- Records to process -
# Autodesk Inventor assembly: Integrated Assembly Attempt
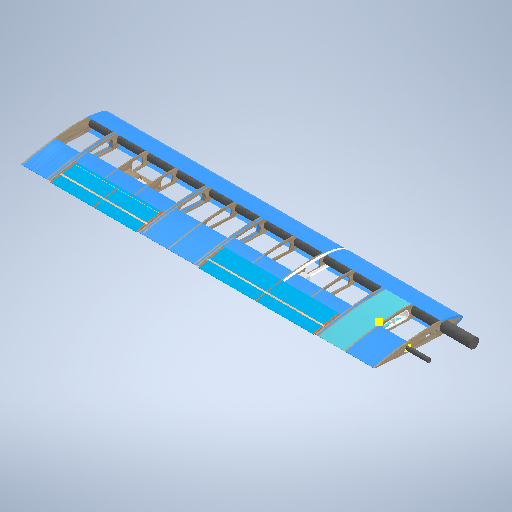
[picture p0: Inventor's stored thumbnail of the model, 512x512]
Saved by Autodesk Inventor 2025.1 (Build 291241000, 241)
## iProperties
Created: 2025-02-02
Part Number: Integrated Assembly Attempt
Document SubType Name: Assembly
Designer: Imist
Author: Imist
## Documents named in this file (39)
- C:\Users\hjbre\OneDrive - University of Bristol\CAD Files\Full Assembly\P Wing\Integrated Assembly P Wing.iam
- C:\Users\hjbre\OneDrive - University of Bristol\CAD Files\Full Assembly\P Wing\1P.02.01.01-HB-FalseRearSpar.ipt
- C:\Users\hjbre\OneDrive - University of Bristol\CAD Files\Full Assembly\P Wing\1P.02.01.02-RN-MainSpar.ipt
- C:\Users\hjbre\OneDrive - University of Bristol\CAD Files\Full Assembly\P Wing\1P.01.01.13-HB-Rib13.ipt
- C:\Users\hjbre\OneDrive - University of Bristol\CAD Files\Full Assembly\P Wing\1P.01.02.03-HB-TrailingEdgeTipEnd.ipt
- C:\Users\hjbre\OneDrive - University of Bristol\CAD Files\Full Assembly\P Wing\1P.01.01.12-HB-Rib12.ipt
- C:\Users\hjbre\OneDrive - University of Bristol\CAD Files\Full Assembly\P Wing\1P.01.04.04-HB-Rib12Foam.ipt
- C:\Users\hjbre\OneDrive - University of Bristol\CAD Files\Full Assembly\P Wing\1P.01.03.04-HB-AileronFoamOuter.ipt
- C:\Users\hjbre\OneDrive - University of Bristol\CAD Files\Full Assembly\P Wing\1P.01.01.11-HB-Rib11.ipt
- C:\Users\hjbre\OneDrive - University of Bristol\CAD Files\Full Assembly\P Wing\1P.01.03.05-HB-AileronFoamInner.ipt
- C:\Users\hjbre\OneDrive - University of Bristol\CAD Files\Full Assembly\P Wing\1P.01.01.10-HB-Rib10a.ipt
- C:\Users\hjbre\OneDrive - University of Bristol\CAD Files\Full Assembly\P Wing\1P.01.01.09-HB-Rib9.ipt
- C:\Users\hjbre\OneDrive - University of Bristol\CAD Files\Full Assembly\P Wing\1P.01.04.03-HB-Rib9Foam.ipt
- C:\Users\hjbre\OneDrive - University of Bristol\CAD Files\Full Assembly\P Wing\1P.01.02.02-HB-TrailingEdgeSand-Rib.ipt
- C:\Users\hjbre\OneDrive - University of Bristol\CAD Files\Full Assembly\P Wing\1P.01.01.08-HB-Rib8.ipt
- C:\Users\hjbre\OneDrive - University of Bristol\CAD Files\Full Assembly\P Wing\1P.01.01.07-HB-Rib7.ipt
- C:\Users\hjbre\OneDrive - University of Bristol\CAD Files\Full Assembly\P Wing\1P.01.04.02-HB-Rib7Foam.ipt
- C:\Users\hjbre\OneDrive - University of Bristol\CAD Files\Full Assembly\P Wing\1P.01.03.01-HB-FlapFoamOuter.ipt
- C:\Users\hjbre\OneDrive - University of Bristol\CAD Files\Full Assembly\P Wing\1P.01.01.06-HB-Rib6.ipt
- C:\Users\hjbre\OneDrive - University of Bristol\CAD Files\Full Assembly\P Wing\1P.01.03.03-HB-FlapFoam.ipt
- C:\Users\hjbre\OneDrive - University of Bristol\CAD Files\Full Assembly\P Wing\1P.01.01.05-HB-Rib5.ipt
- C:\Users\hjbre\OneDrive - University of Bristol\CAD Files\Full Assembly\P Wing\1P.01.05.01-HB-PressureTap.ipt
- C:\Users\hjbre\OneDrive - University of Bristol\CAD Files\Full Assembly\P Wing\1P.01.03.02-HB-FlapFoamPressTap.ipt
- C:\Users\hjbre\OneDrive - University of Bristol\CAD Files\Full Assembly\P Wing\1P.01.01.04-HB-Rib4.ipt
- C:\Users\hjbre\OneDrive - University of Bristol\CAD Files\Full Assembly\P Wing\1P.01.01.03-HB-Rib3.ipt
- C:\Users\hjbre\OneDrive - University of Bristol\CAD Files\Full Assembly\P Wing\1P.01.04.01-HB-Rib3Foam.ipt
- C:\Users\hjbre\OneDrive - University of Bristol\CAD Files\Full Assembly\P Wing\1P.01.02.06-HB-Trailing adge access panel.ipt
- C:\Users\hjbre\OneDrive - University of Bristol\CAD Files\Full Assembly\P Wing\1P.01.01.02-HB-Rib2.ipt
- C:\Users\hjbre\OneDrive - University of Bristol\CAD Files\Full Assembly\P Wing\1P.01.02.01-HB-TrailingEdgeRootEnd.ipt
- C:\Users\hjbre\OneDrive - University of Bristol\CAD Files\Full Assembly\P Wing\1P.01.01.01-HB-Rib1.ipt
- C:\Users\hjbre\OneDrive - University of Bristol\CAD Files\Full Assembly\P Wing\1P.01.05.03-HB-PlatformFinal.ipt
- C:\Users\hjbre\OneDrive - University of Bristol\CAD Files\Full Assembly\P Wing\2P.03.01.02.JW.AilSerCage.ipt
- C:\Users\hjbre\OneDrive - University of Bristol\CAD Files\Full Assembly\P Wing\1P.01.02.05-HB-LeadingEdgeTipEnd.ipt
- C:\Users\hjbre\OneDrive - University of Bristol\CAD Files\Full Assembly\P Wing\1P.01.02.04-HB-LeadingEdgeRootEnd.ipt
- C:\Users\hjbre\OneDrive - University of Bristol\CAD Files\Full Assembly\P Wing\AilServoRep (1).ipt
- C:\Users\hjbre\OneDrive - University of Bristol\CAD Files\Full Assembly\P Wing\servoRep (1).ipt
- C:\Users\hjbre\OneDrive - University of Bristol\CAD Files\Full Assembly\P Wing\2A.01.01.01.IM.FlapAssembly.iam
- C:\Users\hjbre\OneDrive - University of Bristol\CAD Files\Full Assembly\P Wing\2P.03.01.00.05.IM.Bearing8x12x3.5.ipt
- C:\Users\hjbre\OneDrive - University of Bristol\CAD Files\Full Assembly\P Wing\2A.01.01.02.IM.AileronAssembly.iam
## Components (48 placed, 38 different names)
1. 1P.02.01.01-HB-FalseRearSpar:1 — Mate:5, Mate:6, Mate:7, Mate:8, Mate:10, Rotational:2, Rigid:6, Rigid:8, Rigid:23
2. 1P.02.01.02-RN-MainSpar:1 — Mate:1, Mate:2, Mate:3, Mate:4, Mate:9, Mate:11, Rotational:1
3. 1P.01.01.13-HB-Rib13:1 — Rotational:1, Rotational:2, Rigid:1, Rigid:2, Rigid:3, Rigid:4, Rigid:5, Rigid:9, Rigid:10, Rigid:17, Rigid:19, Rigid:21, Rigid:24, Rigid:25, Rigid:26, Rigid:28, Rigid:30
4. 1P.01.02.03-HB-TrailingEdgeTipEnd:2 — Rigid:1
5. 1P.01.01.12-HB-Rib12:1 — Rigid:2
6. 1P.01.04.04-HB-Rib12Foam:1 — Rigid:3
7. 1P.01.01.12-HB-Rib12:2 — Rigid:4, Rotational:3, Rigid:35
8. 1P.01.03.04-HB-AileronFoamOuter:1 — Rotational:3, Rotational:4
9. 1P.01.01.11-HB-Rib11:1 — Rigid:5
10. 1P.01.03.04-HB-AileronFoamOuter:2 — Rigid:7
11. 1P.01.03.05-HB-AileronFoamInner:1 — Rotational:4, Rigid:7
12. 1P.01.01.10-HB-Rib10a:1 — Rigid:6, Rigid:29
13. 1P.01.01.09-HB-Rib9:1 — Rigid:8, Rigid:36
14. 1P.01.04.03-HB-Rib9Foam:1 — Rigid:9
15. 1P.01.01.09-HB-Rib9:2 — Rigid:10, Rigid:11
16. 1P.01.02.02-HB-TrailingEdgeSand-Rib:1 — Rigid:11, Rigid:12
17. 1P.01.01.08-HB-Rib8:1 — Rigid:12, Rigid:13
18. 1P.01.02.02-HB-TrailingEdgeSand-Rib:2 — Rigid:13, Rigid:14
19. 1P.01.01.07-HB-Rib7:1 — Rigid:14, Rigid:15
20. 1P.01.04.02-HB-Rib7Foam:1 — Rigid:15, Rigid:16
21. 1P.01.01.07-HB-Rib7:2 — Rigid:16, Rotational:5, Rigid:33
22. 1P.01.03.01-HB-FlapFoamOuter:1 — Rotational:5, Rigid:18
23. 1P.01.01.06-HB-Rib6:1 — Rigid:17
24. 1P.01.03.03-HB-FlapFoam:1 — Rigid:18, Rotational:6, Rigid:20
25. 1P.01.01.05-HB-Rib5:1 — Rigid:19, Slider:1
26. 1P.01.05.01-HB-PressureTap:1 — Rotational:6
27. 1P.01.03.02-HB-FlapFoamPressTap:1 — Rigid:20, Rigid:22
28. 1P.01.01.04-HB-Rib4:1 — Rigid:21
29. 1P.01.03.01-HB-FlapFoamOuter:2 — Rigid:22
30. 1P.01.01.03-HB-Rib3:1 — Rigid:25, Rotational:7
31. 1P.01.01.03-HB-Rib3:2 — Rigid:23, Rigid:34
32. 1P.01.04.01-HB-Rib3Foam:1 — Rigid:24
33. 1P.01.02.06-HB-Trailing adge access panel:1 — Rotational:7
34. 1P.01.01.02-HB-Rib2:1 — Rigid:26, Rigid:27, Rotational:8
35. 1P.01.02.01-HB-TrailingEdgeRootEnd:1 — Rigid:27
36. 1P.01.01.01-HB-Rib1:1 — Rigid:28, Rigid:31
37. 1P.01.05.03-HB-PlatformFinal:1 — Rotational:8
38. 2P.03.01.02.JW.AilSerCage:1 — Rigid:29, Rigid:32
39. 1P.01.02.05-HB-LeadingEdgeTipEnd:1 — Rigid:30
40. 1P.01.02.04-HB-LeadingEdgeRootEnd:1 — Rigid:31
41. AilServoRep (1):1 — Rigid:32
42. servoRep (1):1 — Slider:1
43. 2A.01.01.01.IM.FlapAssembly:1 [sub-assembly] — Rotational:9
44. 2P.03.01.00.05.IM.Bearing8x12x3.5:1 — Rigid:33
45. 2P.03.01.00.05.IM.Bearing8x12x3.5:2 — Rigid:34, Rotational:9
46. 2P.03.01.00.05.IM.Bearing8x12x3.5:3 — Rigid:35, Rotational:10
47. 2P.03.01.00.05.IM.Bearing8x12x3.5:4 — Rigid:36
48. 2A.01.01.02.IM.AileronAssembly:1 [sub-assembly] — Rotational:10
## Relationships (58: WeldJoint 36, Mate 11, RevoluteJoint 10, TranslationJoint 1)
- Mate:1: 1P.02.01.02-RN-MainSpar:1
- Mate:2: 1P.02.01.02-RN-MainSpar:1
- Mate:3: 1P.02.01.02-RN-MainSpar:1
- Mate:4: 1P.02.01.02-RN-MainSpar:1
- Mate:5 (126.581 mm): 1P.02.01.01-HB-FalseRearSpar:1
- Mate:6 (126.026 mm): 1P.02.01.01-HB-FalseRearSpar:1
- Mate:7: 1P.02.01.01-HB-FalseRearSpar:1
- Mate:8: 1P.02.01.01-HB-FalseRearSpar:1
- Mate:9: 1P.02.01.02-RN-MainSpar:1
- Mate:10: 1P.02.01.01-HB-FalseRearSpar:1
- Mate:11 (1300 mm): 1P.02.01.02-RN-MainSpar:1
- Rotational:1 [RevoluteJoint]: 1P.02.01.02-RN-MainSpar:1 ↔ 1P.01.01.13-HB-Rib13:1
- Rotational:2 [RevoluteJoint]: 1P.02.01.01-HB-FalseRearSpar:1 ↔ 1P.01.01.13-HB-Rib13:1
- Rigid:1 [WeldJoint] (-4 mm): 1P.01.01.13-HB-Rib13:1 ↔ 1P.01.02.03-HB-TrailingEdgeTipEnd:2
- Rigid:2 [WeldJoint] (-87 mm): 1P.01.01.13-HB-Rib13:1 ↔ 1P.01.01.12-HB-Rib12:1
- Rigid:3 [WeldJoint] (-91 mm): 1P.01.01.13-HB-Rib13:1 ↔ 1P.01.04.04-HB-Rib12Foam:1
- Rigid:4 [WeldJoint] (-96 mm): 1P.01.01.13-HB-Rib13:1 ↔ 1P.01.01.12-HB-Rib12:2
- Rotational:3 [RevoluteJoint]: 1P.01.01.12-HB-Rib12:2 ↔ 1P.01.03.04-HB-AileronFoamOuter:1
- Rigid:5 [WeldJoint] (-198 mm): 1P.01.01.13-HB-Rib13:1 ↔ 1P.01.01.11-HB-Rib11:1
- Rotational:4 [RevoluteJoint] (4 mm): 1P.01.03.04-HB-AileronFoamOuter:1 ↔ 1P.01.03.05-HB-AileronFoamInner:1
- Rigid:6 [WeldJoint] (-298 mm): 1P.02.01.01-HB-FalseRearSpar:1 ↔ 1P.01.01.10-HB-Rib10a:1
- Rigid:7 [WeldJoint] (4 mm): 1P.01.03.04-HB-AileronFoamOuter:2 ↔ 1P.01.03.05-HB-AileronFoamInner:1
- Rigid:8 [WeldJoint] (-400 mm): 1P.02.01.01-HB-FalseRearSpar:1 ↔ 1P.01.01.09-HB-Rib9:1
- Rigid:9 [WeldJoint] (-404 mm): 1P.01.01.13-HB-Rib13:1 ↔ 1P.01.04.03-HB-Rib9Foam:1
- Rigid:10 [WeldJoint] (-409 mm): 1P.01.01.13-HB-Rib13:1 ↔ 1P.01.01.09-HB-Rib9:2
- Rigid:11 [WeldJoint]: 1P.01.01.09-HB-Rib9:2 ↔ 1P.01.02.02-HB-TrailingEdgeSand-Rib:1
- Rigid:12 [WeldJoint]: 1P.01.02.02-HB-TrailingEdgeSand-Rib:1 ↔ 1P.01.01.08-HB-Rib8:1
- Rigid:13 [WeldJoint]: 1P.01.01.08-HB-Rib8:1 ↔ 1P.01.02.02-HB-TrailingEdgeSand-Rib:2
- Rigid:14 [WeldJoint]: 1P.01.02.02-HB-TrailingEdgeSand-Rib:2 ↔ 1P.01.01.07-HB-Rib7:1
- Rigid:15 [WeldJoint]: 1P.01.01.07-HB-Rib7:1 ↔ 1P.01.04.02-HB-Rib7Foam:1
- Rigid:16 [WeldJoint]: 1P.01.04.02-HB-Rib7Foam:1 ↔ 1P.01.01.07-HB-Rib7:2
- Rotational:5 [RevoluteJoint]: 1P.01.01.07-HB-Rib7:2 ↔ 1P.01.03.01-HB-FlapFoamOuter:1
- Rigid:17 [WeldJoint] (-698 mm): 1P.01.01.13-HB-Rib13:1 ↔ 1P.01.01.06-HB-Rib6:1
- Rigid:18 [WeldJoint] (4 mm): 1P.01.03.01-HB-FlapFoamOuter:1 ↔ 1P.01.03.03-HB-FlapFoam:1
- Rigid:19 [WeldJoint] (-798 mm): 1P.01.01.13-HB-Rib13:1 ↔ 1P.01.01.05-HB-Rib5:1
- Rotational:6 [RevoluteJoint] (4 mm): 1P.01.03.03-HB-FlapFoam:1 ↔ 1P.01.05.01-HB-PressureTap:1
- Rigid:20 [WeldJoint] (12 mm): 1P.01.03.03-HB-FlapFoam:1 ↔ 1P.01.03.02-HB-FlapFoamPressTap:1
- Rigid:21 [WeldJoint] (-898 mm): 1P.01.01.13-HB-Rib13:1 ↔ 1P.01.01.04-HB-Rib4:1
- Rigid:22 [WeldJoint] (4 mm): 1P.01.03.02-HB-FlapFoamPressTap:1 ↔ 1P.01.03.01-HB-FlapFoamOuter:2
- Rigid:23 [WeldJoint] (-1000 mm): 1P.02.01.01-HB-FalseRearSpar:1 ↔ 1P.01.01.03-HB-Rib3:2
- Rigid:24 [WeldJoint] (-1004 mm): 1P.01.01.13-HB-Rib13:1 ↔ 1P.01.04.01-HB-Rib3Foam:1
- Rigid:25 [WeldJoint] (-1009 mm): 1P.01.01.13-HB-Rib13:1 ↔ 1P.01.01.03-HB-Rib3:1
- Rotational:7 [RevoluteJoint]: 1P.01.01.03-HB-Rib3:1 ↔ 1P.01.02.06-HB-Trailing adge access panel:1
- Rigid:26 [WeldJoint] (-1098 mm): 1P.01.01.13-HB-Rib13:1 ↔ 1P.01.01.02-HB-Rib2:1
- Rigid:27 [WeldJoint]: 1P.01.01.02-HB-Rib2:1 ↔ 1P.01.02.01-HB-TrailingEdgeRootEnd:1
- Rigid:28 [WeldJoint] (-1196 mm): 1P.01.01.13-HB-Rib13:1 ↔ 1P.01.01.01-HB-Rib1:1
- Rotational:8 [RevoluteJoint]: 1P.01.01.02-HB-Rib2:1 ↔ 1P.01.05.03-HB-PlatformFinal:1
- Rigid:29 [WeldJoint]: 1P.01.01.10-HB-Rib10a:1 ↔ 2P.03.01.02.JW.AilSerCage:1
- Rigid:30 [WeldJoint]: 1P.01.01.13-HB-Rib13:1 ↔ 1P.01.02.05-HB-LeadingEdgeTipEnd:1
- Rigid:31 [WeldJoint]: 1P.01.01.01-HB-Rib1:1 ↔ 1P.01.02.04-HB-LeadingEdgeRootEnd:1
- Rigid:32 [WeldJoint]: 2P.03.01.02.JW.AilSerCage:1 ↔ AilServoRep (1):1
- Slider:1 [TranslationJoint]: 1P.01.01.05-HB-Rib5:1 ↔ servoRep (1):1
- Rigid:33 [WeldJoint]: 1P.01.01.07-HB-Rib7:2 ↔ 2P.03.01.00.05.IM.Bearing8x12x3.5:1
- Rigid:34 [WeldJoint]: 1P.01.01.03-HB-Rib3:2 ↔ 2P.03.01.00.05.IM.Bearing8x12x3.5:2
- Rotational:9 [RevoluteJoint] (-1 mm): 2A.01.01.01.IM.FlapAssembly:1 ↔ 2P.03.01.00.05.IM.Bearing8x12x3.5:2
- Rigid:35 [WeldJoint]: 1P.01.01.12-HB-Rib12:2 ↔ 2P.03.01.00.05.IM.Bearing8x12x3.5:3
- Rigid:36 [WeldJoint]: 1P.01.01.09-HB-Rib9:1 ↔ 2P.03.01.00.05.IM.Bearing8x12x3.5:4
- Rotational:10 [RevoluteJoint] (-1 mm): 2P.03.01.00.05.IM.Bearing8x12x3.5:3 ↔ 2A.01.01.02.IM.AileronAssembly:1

- Exercise prompt -
The exact lines of the material above starting at the one that contains "- Rigid:26 [WeldJoint]" and ending at the one that contains "- Rigid:28 [WeldJoint]" are what to retype; leave out everything else.

- Worked solution -
- Rigid:26 [WeldJoint] (-1098 mm): 1P.01.01.13-HB-Rib13:1 ↔ 1P.01.01.02-HB-Rib2:1
- Rigid:27 [WeldJoint]: 1P.01.01.02-HB-Rib2:1 ↔ 1P.01.02.01-HB-TrailingEdgeRootEnd:1
- Rigid:28 [WeldJoint] (-1196 mm): 1P.01.01.13-HB-Rib13:1 ↔ 1P.01.01.01-HB-Rib1:1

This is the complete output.